### EXERCISE:
Retype each entry verbatim. Do not include the images.

--- DATA TO PROCESS ---

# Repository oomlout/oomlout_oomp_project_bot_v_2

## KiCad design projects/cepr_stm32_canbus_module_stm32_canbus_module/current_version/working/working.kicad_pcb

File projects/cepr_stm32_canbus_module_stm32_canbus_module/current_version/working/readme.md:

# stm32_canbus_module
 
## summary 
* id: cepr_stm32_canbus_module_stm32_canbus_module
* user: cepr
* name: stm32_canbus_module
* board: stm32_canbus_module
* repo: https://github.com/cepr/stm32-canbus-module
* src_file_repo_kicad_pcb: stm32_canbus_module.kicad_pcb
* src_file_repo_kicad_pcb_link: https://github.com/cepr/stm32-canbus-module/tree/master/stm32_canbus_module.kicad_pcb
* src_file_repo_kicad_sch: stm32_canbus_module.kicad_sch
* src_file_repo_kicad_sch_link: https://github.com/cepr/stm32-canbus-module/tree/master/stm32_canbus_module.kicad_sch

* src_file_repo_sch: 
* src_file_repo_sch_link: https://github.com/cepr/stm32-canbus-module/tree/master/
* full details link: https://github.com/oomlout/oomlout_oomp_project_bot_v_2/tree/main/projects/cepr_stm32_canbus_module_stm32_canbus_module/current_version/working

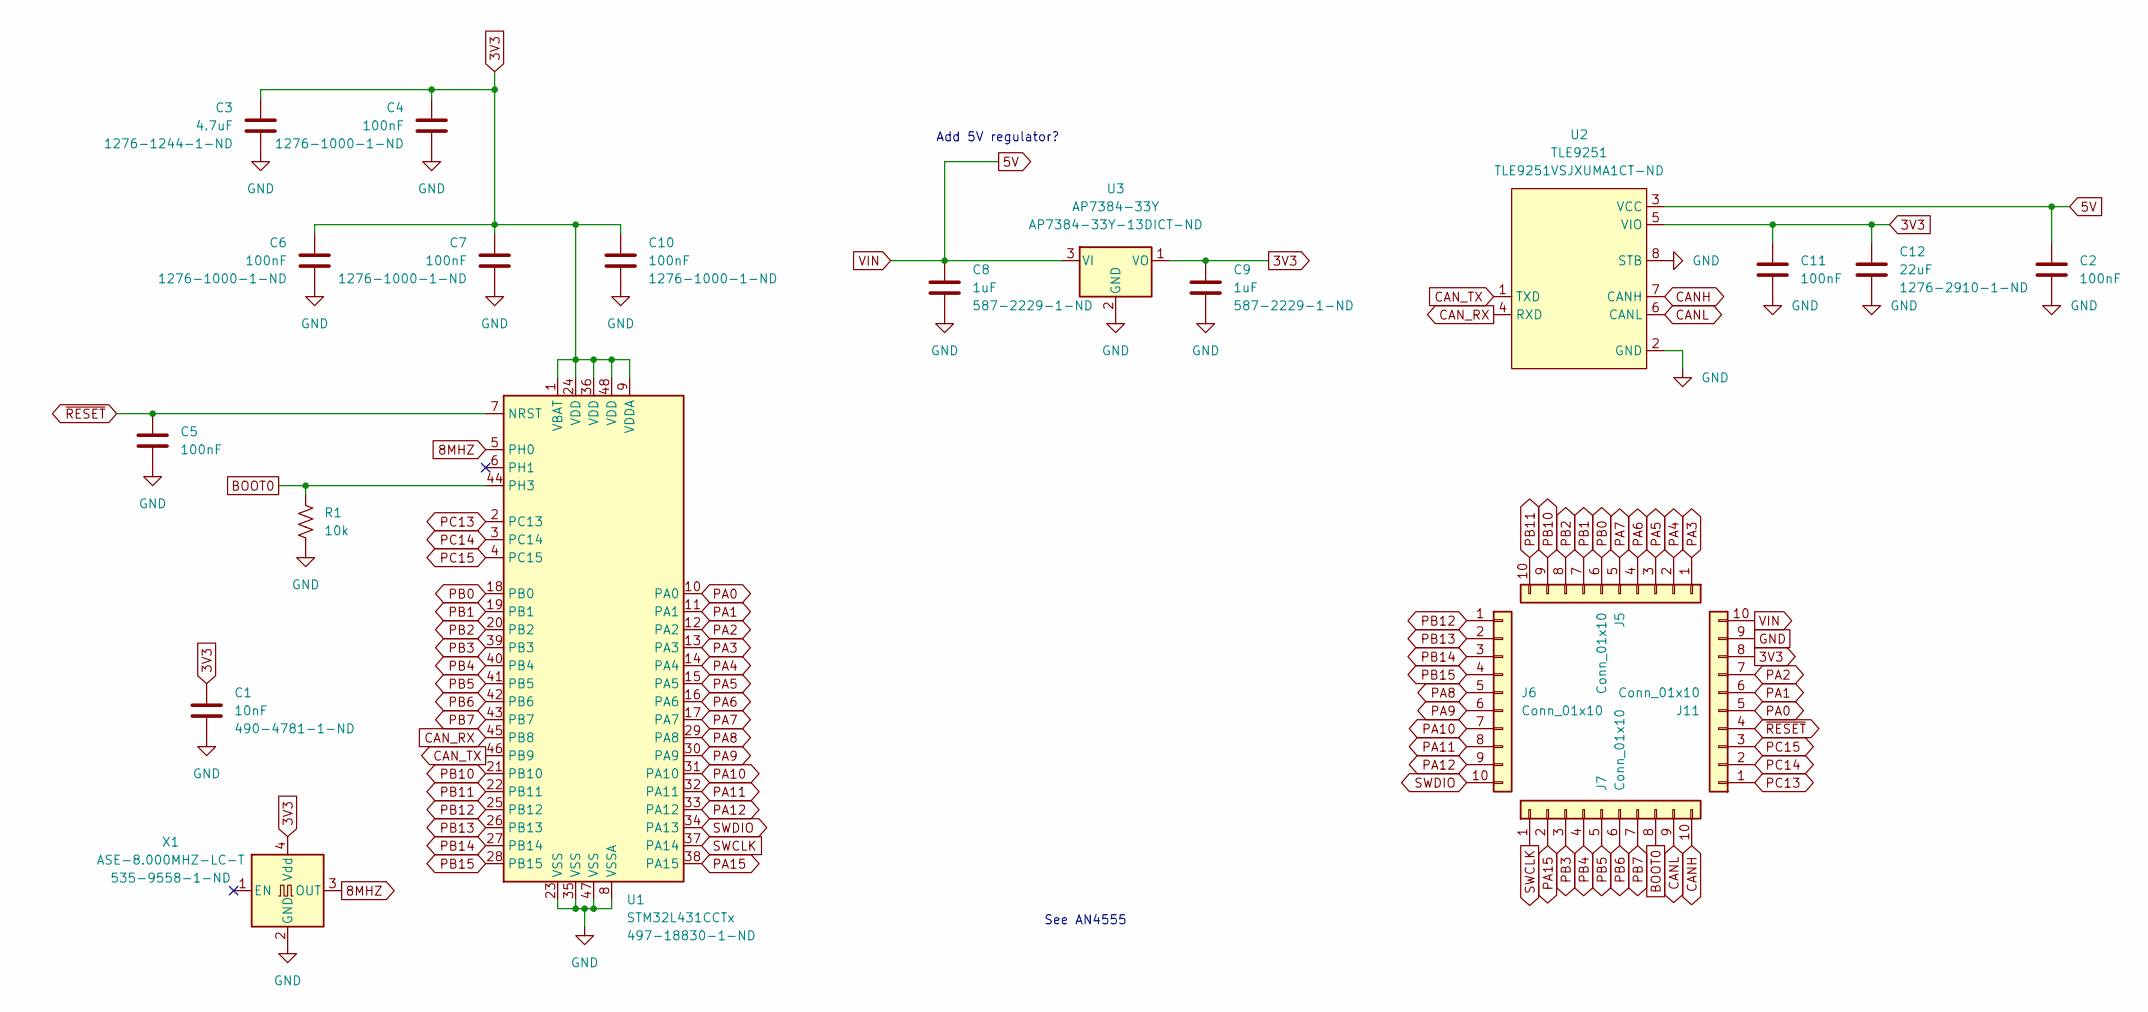
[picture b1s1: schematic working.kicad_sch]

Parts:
C1: 10nF; C_0603_1608Metric_Pad1.08x0.95mm_HandSolder; DigiKey 490-4781-1-ND
C2, C4, C5, C6, C7, C10, C11: 100nF; C_0603_1608Metric_Pad1.08x0.95mm_HandSolder; DigiKey 1276-1000-1-ND
C3: 4.7uF; C_0805_2012Metric_Pad1.18x1.45mm_HandSolder; DigiKey 1276-1244-1-ND
C8, C9: 1uF; C_0805_2012Metric_Pad1.18x1.45mm_HandSolder; DigiKey 587-2229-1-ND
C12: 22uF; C_0805_2012Metric_Pad1.18x1.45mm_HandSolder; DigiKey 1276-2910-1-ND
J5, J6, J7, J11: Conn_01x10; PinHeader_1x10_P2.54mm_Vertical
R1: 10k; R_0603_1608Metric_Pad0.98x0.95mm_HandSolder; DigiKey RNCP0603FTD10K0CT-ND
U1: STM32L431CCTx; LQFP-48_7x7mm_P0.5mm; DigiKey 497-18830-1-ND
U2: TLE9251; SOIC-8_3.9x4.9mm_P1.27mm; DigiKey TLE9251VSJXUMA1CT-ND
U3: AP7384-33Y; SOT-89-3; DigiKey AP7384-33Y-13DICT-ND
X1: ASE-8.000MHZ-LC-T; Oscillator_SMD_Abracon_ASE-4Pin_3.2x2.5mm_HandSoldering; DigiKey 535-9558-1-ND

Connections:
3V3: C1.1, C3.1, C4.1, C6.1, C7.1, C9.1, C10.1, C11.1, C12.1, J11.8, U1.1 (VBAT), U1.9 (VDDA), U1.24 (VDD), U1.36 (VDD), U1.48 (VDD), U2.5 (VIO), U3.1 (VO), X1.4 (Vdd)
5V: C2.1, C8.1, J11.10, U2.3 (VCC), U3.3 (VI)
8MHZ: U1.5 (PH0), X1.3 (OUT)
BOOT0: J7.8, R1.2, U1.44 (PH3)
CANH: J7.10, U2.7 (CANH)
CANL: J7.9, U2.6 (CANL)
CAN_RX: U1.45 (PB8), U2.4 (RXD)
CAN_TX: U1.46 (PB9), U2.1 (TXD)
GND: C1.2, C2.2, C3.2, C4.2, C5.2, C6.2, C7.2, C8.2, C9.2, C10.2, C11.2, C12.2, J11.9, R1.1, U1.8 (VSSA), U1.23 (VSS), U1.35 (VSS), U1.47 (VSS), U2.2 (GND), U2.8 (STB), U3.2 (GND), X1.2 (GND)
PA0: J11.5, U1.10 (PA0)
PA1: J11.6, U1.11 (PA1)
PA2: J11.7, U1.12 (PA2)
PA3: J5.1, U1.13 (PA3)
PA4: J5.2, U1.14 (PA4)
PA5: J5.3, U1.15 (PA5)
PA6: J5.4, U1.16 (PA6)
PA7: J5.5, U1.17 (PA7)
PA8: J6.5, U1.29 (PA8)
PA9: J6.6, U1.30 (PA9)
PA10: J6.7, U1.31 (PA10)
PA11: J6.8, U1.32 (PA11)
PA12: J6.9, U1.33 (PA12)
PA15: J7.2, U1.38 (PA15)
PB0: J5.6, U1.18 (PB0)
PB1: J5.7, U1.19 (PB1)
PB2: J5.8, U1.20 (PB2)
PB3: J7.3, U1.39 (PB3)
PB4: J7.4, U1.40 (PB4)
PB5: J7.5, U1.41 (PB5)
PB6: J7.6, U1.42 (PB6)
PB7: J7.7, U1.43 (PB7)
PB10: J5.9, U1.21 (PB10)
PB11: J5.10, U1.22 (PB11)
PB12: J6.1, U1.25 (PB12)
PB13: J6.2, U1.26 (PB13)
PB14: J6.3, U1.27 (PB14)
PB15: J6.4, U1.28 (PB15)
PC13: J11.1, U1.2 (PC13)
PC14: J11.2, U1.3 (PC14)
PC15: J11.3, U1.4 (PC15)
SWCLK: J7.1, U1.37 (PA14)
SWDIO: J6.10, U1.34 (PA13)
~RESET: C5.1, J11.4, U1.7 (NRST)

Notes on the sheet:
Add 5V regulator?
See AN4555

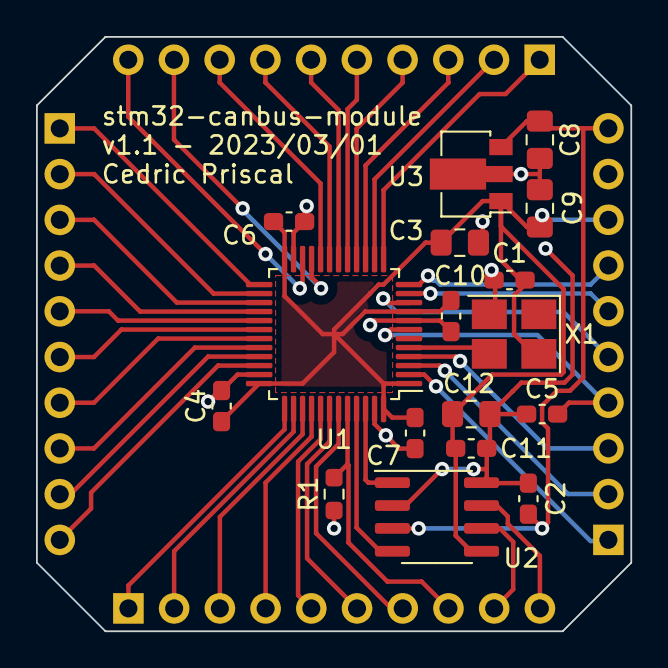
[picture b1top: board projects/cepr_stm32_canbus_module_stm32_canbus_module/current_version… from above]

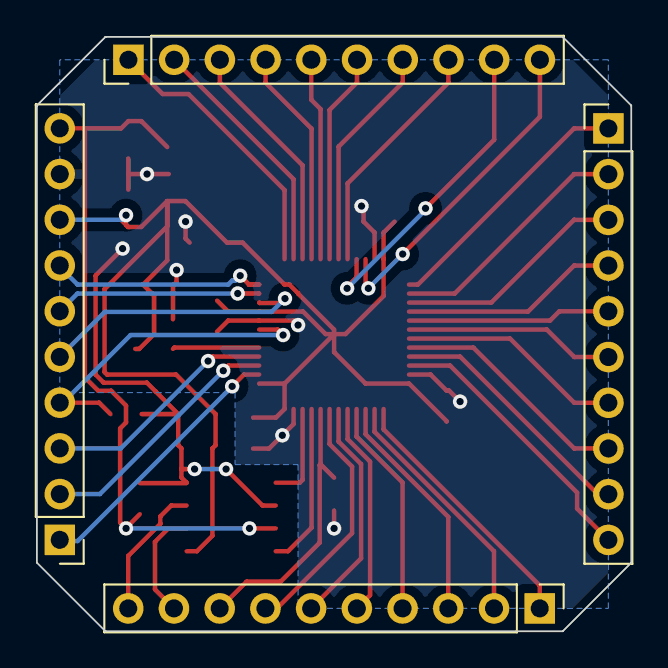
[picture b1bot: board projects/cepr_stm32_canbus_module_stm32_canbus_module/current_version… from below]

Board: 2 copper layers, 33.0 x 33.0 mm, 21 parts (4 on the bottom side), 43 nets.

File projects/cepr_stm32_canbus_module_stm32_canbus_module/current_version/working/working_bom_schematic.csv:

"Source:","C:\gh\oomlout_oomp_project_bot_v_2\projects\cepr_stm32_canbus_module_stm32_canbus_module\current_version\working\working.kicad_sch"
"Date:","28/09/2023 19:39:32"
"Tool:","Eeschema 7.0.6"
"Generator:","C:/Program Files/KiCad/7.0/bin/scripting/plugins/bom_csv_grouped_by_value_with_fp.py"
"Component Count:","21"
"Ref","Qnty","Value","Cmp name","Footprint","Description","Vendor","DNP"
"C1","1","10nF","C","Capacitor_SMD:C_0603_1608Metric_Pad1.08x0.95mm_HandSolder","Unpolarized capacitor","",""
"C2, C4, C5, C6, C7, C10, C11","7","100nF","C","Capacitor_SMD:C_0603_1608Metric_Pad1.08x0.95mm_HandSolder","Unpolarized capacitor","",""
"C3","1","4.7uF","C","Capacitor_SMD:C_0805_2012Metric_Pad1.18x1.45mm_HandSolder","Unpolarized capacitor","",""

---

### ANSWER TO THIS PROBLEM:
# Repository oomlout/oomlout_oomp_project_bot_v_2

## KiCad design projects/cepr_stm32_canbus_module_stm32_canbus_module/current_version/working/working.kicad_pcb

File projects/cepr_stm32_canbus_module_stm32_canbus_module/current_version/working/readme.md:

# stm32_canbus_module
 
## summary 
* id: cepr_stm32_canbus_module_stm32_canbus_module
* user: cepr
* name: stm32_canbus_module
* board: stm32_canbus_module
* repo: https://github.com/cepr/stm32-canbus-module
* src_file_repo_kicad_pcb: stm32_canbus_module.kicad_pcb
* src_file_repo_kicad_pcb_link: https://github.com/cepr/stm32-canbus-module/tree/master/stm32_canbus_module.kicad_pcb
* src_file_repo_kicad_sch: stm32_canbus_module.kicad_sch
* src_file_repo_kicad_sch_link: https://github.com/cepr/stm32-canbus-module/tree/master/stm32_canbus_module.kicad_sch

* src_file_repo_sch: 
* src_file_repo_sch_link: https://github.com/cepr/stm32-canbus-module/tree/master/
* full details link: https://github.com/oomlout/oomlout_oomp_project_bot_v_2/tree/main/projects/cepr_stm32_canbus_module_stm32_canbus_module/current_version/working

[picture b1s1: schematic working.kicad_sch]

Parts:
C1: 10nF; C_0603_1608Metric_Pad1.08x0.95mm_HandSolder; DigiKey 490-4781-1-ND
C2, C4, C5, C6, C7, C10, C11: 100nF; C_0603_1608Metric_Pad1.08x0.95mm_HandSolder; DigiKey 1276-1000-1-ND
C3: 4.7uF; C_0805_2012Metric_Pad1.18x1.45mm_HandSolder; DigiKey 1276-1244-1-ND
C8, C9: 1uF; C_0805_2012Metric_Pad1.18x1.45mm_HandSolder; DigiKey 587-2229-1-ND
C12: 22uF; C_0805_2012Metric_Pad1.18x1.45mm_HandSolder; DigiKey 1276-2910-1-ND
J5, J6, J7, J11: Conn_01x10; PinHeader_1x10_P2.54mm_Vertical
R1: 10k; R_0603_1608Metric_Pad0.98x0.95mm_HandSolder; DigiKey RNCP0603FTD10K0CT-ND
U1: STM32L431CCTx; LQFP-48_7x7mm_P0.5mm; DigiKey 497-18830-1-ND
U2: TLE9251; SOIC-8_3.9x4.9mm_P1.27mm; DigiKey TLE9251VSJXUMA1CT-ND
U3: AP7384-33Y; SOT-89-3; DigiKey AP7384-33Y-13DICT-ND
X1: ASE-8.000MHZ-LC-T; Oscillator_SMD_Abracon_ASE-4Pin_3.2x2.5mm_HandSoldering; DigiKey 535-9558-1-ND

Connections:
3V3: C1.1, C3.1, C4.1, C6.1, C7.1, C9.1, C10.1, C11.1, C12.1, J11.8, U1.1 (VBAT), U1.9 (VDDA), U1.24 (VDD), U1.36 (VDD), U1.48 (VDD), U2.5 (VIO), U3.1 (VO), X1.4 (Vdd)
5V: C2.1, C8.1, J11.10, U2.3 (VCC), U3.3 (VI)
8MHZ: U1.5 (PH0), X1.3 (OUT)
BOOT0: J7.8, R1.2, U1.44 (PH3)
CANH: J7.10, U2.7 (CANH)
CANL: J7.9, U2.6 (CANL)
CAN_RX: U1.45 (PB8), U2.4 (RXD)
CAN_TX: U1.46 (PB9), U2.1 (TXD)
GND: C1.2, C2.2, C3.2, C4.2, C5.2, C6.2, C7.2, C8.2, C9.2, C10.2, C11.2, C12.2, J11.9, R1.1, U1.8 (VSSA), U1.23 (VSS), U1.35 (VSS), U1.47 (VSS), U2.2 (GND), U2.8 (STB), U3.2 (GND), X1.2 (GND)
PA0: J11.5, U1.10 (PA0)
PA1: J11.6, U1.11 (PA1)
PA2: J11.7, U1.12 (PA2)
PA3: J5.1, U1.13 (PA3)
PA4: J5.2, U1.14 (PA4)
PA5: J5.3, U1.15 (PA5)
PA6: J5.4, U1.16 (PA6)
PA7: J5.5, U1.17 (PA7)
PA8: J6.5, U1.29 (PA8)
PA9: J6.6, U1.30 (PA9)
PA10: J6.7, U1.31 (PA10)
PA11: J6.8, U1.32 (PA11)
PA12: J6.9, U1.33 (PA12)
PA15: J7.2, U1.38 (PA15)
PB0: J5.6, U1.18 (PB0)
PB1: J5.7, U1.19 (PB1)
PB2: J5.8, U1.20 (PB2)
PB3: J7.3, U1.39 (PB3)
PB4: J7.4, U1.40 (PB4)
PB5: J7.5, U1.41 (PB5)
PB6: J7.6, U1.42 (PB6)
PB7: J7.7, U1.43 (PB7)
PB10: J5.9, U1.21 (PB10)
PB11: J5.10, U1.22 (PB11)
PB12: J6.1, U1.25 (PB12)
PB13: J6.2, U1.26 (PB13)
PB14: J6.3, U1.27 (PB14)
PB15: J6.4, U1.28 (PB15)
PC13: J11.1, U1.2 (PC13)
PC14: J11.2, U1.3 (PC14)
PC15: J11.3, U1.4 (PC15)
SWCLK: J7.1, U1.37 (PA14)
SWDIO: J6.10, U1.34 (PA13)
~RESET: C5.1, J11.4, U1.7 (NRST)

Notes on the sheet:
Add 5V regulator?
See AN4555

[picture b1top: board projects/cepr_stm32_canbus_module_stm32_canbus_module/current_version… from above]

[picture b1bot: board projects/cepr_stm32_canbus_module_stm32_canbus_module/current_version… from below]

Board: 2 copper layers, 33.0 x 33.0 mm, 21 parts (4 on the bottom side), 43 nets.

File projects/cepr_stm32_canbus_module_stm32_canbus_module/current_version/working/working_bom_schematic.csv:

"Source:","C:\gh\oomlout_oomp_project_bot_v_2\projects\cepr_stm32_canbus_module_stm32_canbus_module\current_version\working\working.kicad_sch"
"Date:","28/09/2023 19:39:32"
"Tool:","Eeschema 7.0.6"
"Generator:","C:/Program Files/KiCad/7.0/bin/scripting/plugins/bom_csv_grouped_by_value_with_fp.py"
"Component Count:","21"
"Ref","Qnty","Value","Cmp name","Footprint","Description","Vendor","DNP"
"C1","1","10nF","C","Capacitor_SMD:C_0603_1608Metric_Pad1.08x0.95mm_HandSolder","Unpolarized capacitor","",""
"C2, C4, C5, C6, C7, C10, C11","7","100nF","C","Capacitor_SMD:C_0603_1608Metric_Pad1.08x0.95mm_HandSolder","Unpolarized capacitor","",""
"C3","1","4.7uF","C","Capacitor_SMD:C_0805_2012Metric_Pad1.18x1.45mm_HandSolder","Unpolarized capacitor","",""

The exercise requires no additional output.